Gravity Rush (SCE Japan Studio, Team Siren – 2012)

20/06/2012

Il y a 3 ans de celà, Sony Japan demande à Keiichiro Toyama, game designer de Silent Hill et Forbidden Siren, de réaliser le jeu de ses rêves, celui inspiré par un dessin de Moebius qu’il a depuis plus de 10 ans dans ses tiroirs. Epaulé de sa fidèle scénariste Naoko Sato, ils unissent une fois de plus leurs talents pour nous proposer un vertige gravitationnel.

Dans ce nouveau jeu, on découvre Kat. Jeune fille amnésique accompagnée de son chat gravitationnel (qui a l’univers entier dans son pelage), elle décide d’aider la population de Herkseville pour se faire sa place dans sa nouvelle ville de résidence, et espère bien retrouver la mémoire.
Kat devra donc collecter des gems afin de faire revivre cette ville en désuétude, la défendre contre des vagues d’ennemie mystérieux, écouter ses habitants et aider ceux dans le besoin. Pour celà, elle pourra se mettre en apesanteur, inverser la gravitation, se battre, et déplacer objets ou personnes à l’aide de ses pouvoir. A noter que ses compétences pourront êtres boostées par l’utilisation des gems précédemment citées.
L’histoire est riche, au point de ne pas répondre à toutes les questions que le joueur se pose. L’aventure contient bien une ou deux longueurs mais elle sont justifiées scénaristiquement, et les missions sont peu répétitives, chose rare dans une ville ouverte. On se retrouve donc avec une jeu doté d’une durée de vie dépassant les 10 heures sans s’attarder sur les missions annexes. Du tout bon ! On apprécie les débuts de mission présentés sous forme de bande dessiné.

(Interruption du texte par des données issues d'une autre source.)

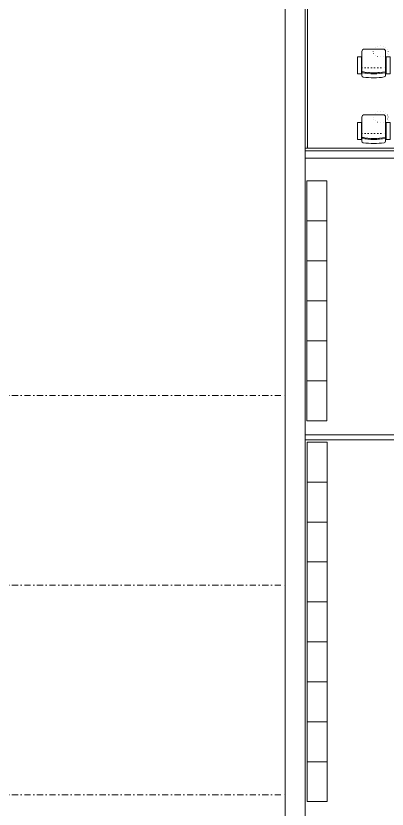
# Model space of a CAD drawing. Header units: metres. Extents: x -19121 to 152404, y -12107 to 29421.
# Drawn here: x 83460 to 84205, y 1611 to 3200 of the extents above; entities that cross this region are included whole.
import ezdxf

# ---------------------------------------------------------------- set-up
doc = ezdxf.new("R2010")
doc.units = ezdxf.units.M
doc.header["$LTSCALE"] = 50
doc.header["$MEASUREMENT"] = 0
doc.linetypes.add('DASHDOT2', pattern=[0.5, 0.25, -0.125, 0, -0.125])
doc.linetypes.add('DOT2', pattern=[0.125, 0, -0.125])
doc.layers.get('0').update_dxf_attribs({"color": 9, "lineweight": 9})
for name, color, linetype, lineweight in [('00', 9, 'Continuous', 9), ('01', 9, 'Continuous', 9), ('05', 9, 'Continuous', 9), ('24', 9, 'DASHDOT2', 9)]:
    doc.layers.add(name, color=color, linetype=linetype, lineweight=lineweight)

# ---------------------------------------------------------------- blocks, each defined once
blk = doc.blocks.new('1.Bod.Ara.Sitatik Elk')
at = {"layer": '01'}
blk.add_lwpolyline([(40, -8750), (0, -8750), (0, -2950), (40, -2950), (40, -8710), (40, -8710)], close=True, dxfattribs=at)
blk = doc.blocks.new('gr-p-birim')
blk.add_lwpolyline([(-0.5, -0.5), (0.5, -0.5), (0.5, 0.5), (-0.5, 0.5)], close=True)
blk = doc.blocks.new('p-koltuk-konferans-01')
for p, q in [((-23.7, -9.9), (-23.7, -4.6)), ((23.8, -9.9), (23.8, -4.5))]:
    blk.add_line(p, q)
for points in [[(-24.7, -8), (-24.7, -42), (-32.7, -42), (-32.7, -8)], [(32.8, -8), (32.8, -42), (24.8, -42), (24.8, -8)]]:
    blk.add_lwpolyline(points, close=True)
for points in [[(-23.7, -9.9), (-23.7, -12.1), (-24.7, -12.1)], [(23.8, -9.9), (23.8, -12.1), (24.8, -12.1)], [(-24.7, -37), (-23.7, -37)], [(24.8, -37), (23.8, -37)]]:
    blk.add_lwpolyline(points)
blk.add_lwpolyline([(23.8, -12.1), (23.8, -52.5, -0.414214), (18.8, -57.5), (-18.7, -57.5, -0.414214), (-23.7, -52.5), (-23.7, -12.1, -0.087744)], format="xyb", close=True)
at = {"linetype": 'DOT2'}
for points in [[(22.1, -11.7, -0.370904), (23.8, -13.7), (23.8, -20), (-23.7, -20), (-23.7, -13.7, -0.370904), (-22, -11.7, -0.078599)], [(1.3, -53, 0.129253), (0.2, -49, 0.10637), (-3.1, -45.2, 0.084664), (-7.8, -42.9, 0.073859), (-13.7, -42, 0.073859), (-19.7, -42.9, 0.084664), (-24.3, -45.2, 0.10637), (-27.7, -49, 0.129253), (-28.7, -53, 0.129253), (-27.7, -57, 0.10637), (-24.3, -60.8, 0.084664), (-19.7, -63.1, 0.073859), (-13.7, -64, 0.073859), (-7.8, -63.1, 0.084664), (-3.1, -60.8, 0.10637), (0.2, -57, 0.129253)]]:
    blk.add_lwpolyline(points, format="xyb", close=True, dxfattribs=at)
blk.add_lwpolyline([(-28.7, -53), (-28.7, -42)], dxfattribs=at)
for centre, radius, start, end in [((0.3, -144.3), 144.3, 81.6597, 98.5453), ((-20.7, -4.6), 3, 98.5453, 180), ((0, -156), 148, 80.7666, 99.2334), ((20.8, -4.5), 3, 0, 81.6597)]:
    blk.add_arc(centre, radius, start, end)
blk = doc.blocks.new('1.Bod.Ara.Mimari Elk')
blk.add_line((40, -5695), (40, -5607.71))
at = {"layer": '00', "color": 2}
for p, q in [((45, -5695), (45, -4725)), ((670.44, -5695.12), (40, -5695)), ((43.75, -5692.5), (43.75, -5692.5))]:
    blk.add_line(p, q, dxfattribs=at)
at = {"layer": '00'}
for p, q in [((670.44, -5700.12), (40, -5700)), ((671, -5715.12), (40, -5715)), ((860, -6269.08), (40, -6269.08)), ((860, -6279.08), (40, -6279.08))]:
    blk.add_line(p, q, dxfattribs=at)
at = {"layer": '05', "rotation": 180}
for p in [(177.76, -5554.03), (177.76, -5685.58)]:
    blk.add_blockref('p-koltuk-konferans-01', p, dxfattribs=at)
at = {"layer": '05', "xscale": 40, "yscale": 80}
for p in [(63.75, -5800.71), (63.75, -5880.71), (63.75, -5960.71), (63.75, -6040.71), (63.75, -6120.71), (63.75, -6200.71), (64.55, -6323.64), (64.55, -6403.64), (64.55, -6483.64), (64.55, -6563.64), (64.55, -6643.64), (64.55, -6723.64), (64.55, -6803.64), (64.55, -6883.64), (64.55, -6963.64)]:
    blk.add_blockref('gr-p-birim', p, dxfattribs=at)
blk = doc.blocks.new('p-akslar_yeni')
at = {"layer": '24'}
for points in [[(-2190, -6135), (6415, -6135)], [(-2190, -6515), (6415, -6515)], [(-2190, -6935), (6415, -6935)]]:
    blk.add_lwpolyline(points, dxfattribs=at)

msp = doc.modelspace()

# ---------------------------------------------------------------- block references
for name in ['1.Bod.Ara.Mimari Elk', '1.Bod.Ara.Sitatik Elk']:
    msp.add_blockref(name, (84000, 8630))
at = {"layer": '24'}
msp.add_blockref('p-akslar_yeni', (77585, 8575), dxfattribs=at)

doc.saveas('drawing.dxf')

La ville est dans l’ensemble très réussie, aussi bien en terme de game design que d’architecture. La ville s’étend au fur et à mesure que l’on en ramène les pièces, contrairement à un GTA où les grands axes de la ville sont inexplicablement barré tant qu’un certain cap scénaristique n’est pas passé. Les bâtiment sont quant à eux suffisamment variés et il y a de nombreux lieux clés. Un cocktail qui écarte tout impression de ville artificielle.
Les graphismes sont fins, les couleurs chaleureuses. Le chara design, sans atteindre des sommets, est très réussi. Et les personnages secondaires ont bénéficié d’un soin quasiment aussi important que les personnages principaux. Il en résulte un univers extrêmement convaincant.

Aux platines, on retrouve là aussi une grosse pointure : Kohei Tanaka. Le monsieur a un des plus impressionnant CV qui soit avec notamment des travaux sur les animés DBZ, Oh my Goddess et One Piece, ou côté jeu le légendaire Alundra, la série des Sakura Taisen ou encore Resonnance of Fate.
Kohei apporte à Gravity Rush une ambiance musicale tout simplement parfaite. Le rythme est juste, les mélodies en accord avec l’ambiance relativement zen des longues séances de vol, ou alors qui s’emballe à lors d’une invasion ennemie, le tout agrémentée occasionnellement d’une touche jazzy sympathique. Bref, un vrai dessin animé.

Le premier must have de la Vita est enfin là ! On l’a attendu, certes, mais le jeu en valait la chandèle. Gravity Rush propose une expérience rafraichissante, une réalisation solide, une histoire passionnante et un univers cohérent. Une leçon de jeu vidéo pour tous.